------ GIVEN DATA
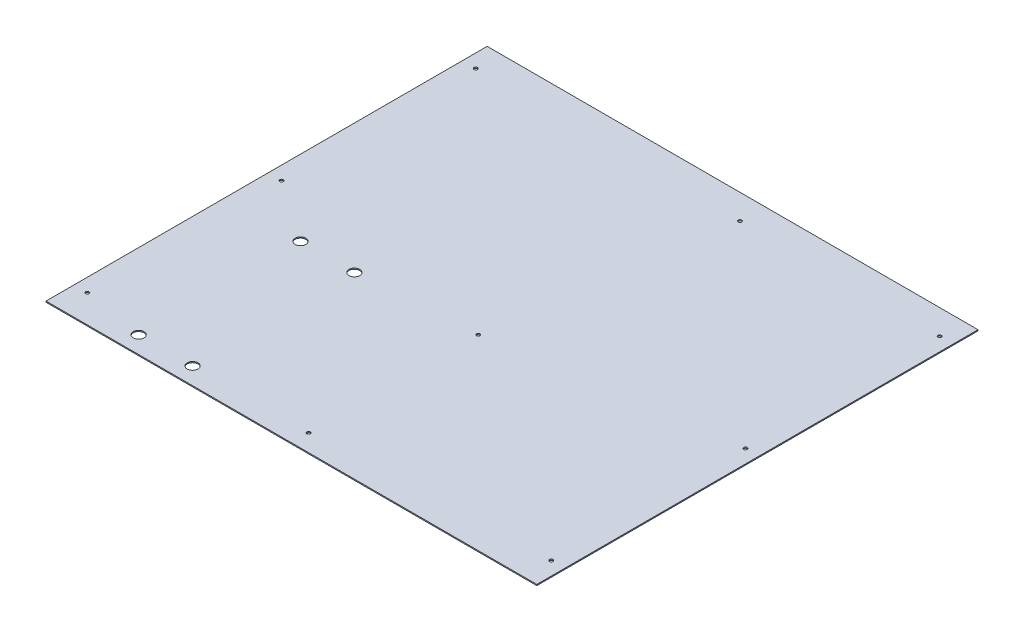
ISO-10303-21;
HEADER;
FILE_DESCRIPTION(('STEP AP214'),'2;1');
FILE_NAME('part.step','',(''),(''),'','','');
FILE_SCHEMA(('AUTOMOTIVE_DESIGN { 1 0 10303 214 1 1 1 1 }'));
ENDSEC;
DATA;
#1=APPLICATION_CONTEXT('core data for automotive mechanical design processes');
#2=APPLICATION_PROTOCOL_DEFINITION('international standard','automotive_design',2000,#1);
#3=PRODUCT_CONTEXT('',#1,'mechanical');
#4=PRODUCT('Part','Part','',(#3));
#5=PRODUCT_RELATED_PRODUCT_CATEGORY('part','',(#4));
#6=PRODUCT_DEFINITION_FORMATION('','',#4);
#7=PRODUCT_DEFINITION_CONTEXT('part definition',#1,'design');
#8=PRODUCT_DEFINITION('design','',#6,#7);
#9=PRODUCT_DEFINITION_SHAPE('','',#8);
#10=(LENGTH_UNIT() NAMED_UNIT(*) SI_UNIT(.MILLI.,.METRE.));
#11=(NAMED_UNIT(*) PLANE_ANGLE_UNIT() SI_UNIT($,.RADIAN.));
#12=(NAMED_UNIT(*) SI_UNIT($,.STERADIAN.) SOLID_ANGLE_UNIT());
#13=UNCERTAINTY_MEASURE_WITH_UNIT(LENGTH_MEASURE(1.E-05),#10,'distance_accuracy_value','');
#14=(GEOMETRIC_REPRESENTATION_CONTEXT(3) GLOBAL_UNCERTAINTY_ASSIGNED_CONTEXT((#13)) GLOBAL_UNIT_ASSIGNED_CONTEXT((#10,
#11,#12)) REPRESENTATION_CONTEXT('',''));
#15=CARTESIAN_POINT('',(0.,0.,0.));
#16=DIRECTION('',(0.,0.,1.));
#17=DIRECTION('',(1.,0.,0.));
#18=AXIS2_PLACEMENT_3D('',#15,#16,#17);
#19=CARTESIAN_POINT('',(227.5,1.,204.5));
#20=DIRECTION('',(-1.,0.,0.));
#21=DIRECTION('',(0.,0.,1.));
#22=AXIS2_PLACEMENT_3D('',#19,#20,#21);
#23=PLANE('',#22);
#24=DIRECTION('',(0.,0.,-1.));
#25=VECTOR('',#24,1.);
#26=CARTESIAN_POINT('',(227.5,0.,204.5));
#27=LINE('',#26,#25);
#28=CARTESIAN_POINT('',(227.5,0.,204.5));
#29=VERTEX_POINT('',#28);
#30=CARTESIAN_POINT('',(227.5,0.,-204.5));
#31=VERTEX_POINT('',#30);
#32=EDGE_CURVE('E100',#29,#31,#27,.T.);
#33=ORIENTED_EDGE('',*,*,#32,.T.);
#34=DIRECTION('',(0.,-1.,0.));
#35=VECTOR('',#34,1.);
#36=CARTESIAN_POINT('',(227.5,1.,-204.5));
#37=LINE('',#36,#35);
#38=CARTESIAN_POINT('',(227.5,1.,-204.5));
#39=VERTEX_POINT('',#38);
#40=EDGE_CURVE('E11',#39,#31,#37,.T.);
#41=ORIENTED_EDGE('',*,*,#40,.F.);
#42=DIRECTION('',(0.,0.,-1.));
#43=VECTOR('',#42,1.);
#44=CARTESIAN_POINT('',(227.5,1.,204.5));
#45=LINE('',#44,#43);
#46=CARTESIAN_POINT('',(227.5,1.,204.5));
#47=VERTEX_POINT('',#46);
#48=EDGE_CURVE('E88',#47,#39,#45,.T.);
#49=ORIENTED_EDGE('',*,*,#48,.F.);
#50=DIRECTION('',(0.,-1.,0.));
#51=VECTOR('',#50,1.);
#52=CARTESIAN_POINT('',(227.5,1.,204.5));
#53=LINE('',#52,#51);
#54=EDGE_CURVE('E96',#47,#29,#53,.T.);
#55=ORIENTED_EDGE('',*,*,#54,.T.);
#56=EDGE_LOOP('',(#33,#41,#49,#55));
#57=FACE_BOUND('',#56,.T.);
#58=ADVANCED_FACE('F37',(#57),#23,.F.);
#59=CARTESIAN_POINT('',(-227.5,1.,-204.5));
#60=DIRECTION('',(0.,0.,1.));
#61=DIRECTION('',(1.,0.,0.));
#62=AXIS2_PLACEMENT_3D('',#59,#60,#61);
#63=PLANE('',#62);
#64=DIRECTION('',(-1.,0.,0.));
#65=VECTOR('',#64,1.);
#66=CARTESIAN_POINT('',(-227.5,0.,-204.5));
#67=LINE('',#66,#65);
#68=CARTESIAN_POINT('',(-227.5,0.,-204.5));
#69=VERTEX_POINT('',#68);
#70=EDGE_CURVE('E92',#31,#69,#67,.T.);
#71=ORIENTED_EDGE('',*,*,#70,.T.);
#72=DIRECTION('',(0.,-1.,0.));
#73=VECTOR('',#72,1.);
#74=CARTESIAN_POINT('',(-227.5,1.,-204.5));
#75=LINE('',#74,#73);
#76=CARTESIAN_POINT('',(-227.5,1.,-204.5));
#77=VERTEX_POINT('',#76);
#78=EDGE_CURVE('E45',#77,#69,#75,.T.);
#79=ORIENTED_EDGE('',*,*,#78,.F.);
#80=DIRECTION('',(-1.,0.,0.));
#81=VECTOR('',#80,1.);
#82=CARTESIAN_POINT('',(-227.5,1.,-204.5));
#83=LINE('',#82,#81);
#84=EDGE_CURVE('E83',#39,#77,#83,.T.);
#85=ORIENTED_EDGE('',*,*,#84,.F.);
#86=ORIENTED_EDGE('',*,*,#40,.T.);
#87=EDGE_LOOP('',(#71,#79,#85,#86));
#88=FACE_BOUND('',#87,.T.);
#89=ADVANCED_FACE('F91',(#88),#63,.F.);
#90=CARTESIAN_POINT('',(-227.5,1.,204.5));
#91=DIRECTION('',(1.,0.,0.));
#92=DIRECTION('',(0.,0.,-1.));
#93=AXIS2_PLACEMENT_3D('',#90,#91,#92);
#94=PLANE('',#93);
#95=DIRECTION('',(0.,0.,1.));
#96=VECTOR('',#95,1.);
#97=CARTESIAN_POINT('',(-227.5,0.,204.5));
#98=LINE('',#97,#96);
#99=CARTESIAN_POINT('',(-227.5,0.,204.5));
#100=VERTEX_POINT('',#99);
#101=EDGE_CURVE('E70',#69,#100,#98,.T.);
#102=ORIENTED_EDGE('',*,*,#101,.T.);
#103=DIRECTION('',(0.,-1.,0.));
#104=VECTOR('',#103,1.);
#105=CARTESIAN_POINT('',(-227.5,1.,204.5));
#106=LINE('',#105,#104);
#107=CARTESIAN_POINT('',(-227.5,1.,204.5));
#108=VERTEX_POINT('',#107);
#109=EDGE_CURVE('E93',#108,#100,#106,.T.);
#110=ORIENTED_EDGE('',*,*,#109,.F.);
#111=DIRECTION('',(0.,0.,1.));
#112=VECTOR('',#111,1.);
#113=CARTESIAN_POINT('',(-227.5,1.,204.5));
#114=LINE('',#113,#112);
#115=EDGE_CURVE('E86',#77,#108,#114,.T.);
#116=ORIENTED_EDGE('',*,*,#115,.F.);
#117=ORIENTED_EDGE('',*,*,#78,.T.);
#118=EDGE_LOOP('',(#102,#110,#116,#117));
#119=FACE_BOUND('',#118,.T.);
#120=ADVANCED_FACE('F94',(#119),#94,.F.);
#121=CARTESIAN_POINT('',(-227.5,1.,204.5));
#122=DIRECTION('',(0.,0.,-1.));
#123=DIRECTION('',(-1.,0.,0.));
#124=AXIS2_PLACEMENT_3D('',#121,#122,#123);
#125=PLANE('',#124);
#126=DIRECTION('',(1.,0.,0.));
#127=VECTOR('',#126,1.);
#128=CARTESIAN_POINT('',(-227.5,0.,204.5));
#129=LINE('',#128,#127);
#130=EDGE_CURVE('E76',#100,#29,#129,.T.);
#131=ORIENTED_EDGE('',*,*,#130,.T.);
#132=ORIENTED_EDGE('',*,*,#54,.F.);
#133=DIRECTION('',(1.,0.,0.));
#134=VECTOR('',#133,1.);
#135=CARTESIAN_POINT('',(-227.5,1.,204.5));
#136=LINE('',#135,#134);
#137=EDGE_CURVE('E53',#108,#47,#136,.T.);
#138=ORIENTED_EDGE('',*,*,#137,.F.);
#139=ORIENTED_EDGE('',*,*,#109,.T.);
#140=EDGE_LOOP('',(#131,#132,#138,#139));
------------
PROMPT
Going back over the entries above, copy word for word every line from the one that has "#69=VERTEX_POINT('',#68);" on through the one that has "#95=DIRECTION('',(0.,0.,1.));".

FINISHED TASK
#69=VERTEX_POINT('',#68);
#70=EDGE_CURVE('E92',#31,#69,#67,.T.);
#71=ORIENTED_EDGE('',*,*,#70,.T.);
#72=DIRECTION('',(0.,-1.,0.));
#73=VECTOR('',#72,1.);
#74=CARTESIAN_POINT('',(-227.5,1.,-204.5));
#75=LINE('',#74,#73);
#76=CARTESIAN_POINT('',(-227.5,1.,-204.5));
#77=VERTEX_POINT('',#76);
#78=EDGE_CURVE('E45',#77,#69,#75,.T.);
#79=ORIENTED_EDGE('',*,*,#78,.F.);
#80=DIRECTION('',(-1.,0.,0.));
#81=VECTOR('',#80,1.);
#82=CARTESIAN_POINT('',(-227.5,1.,-204.5));
#83=LINE('',#82,#81);
#84=EDGE_CURVE('E83',#39,#77,#83,.T.);
#85=ORIENTED_EDGE('',*,*,#84,.F.);
#86=ORIENTED_EDGE('',*,*,#40,.T.);
#87=EDGE_LOOP('',(#71,#79,#85,#86));
#88=FACE_BOUND('',#87,.T.);
#89=ADVANCED_FACE('F91',(#88),#63,.F.);
#90=CARTESIAN_POINT('',(-227.5,1.,204.5));
#91=DIRECTION('',(1.,0.,0.));
#92=DIRECTION('',(0.,0.,-1.));
#93=AXIS2_PLACEMENT_3D('',#90,#91,#92);
#94=PLANE('',#93);
#95=DIRECTION('',(0.,0.,1.));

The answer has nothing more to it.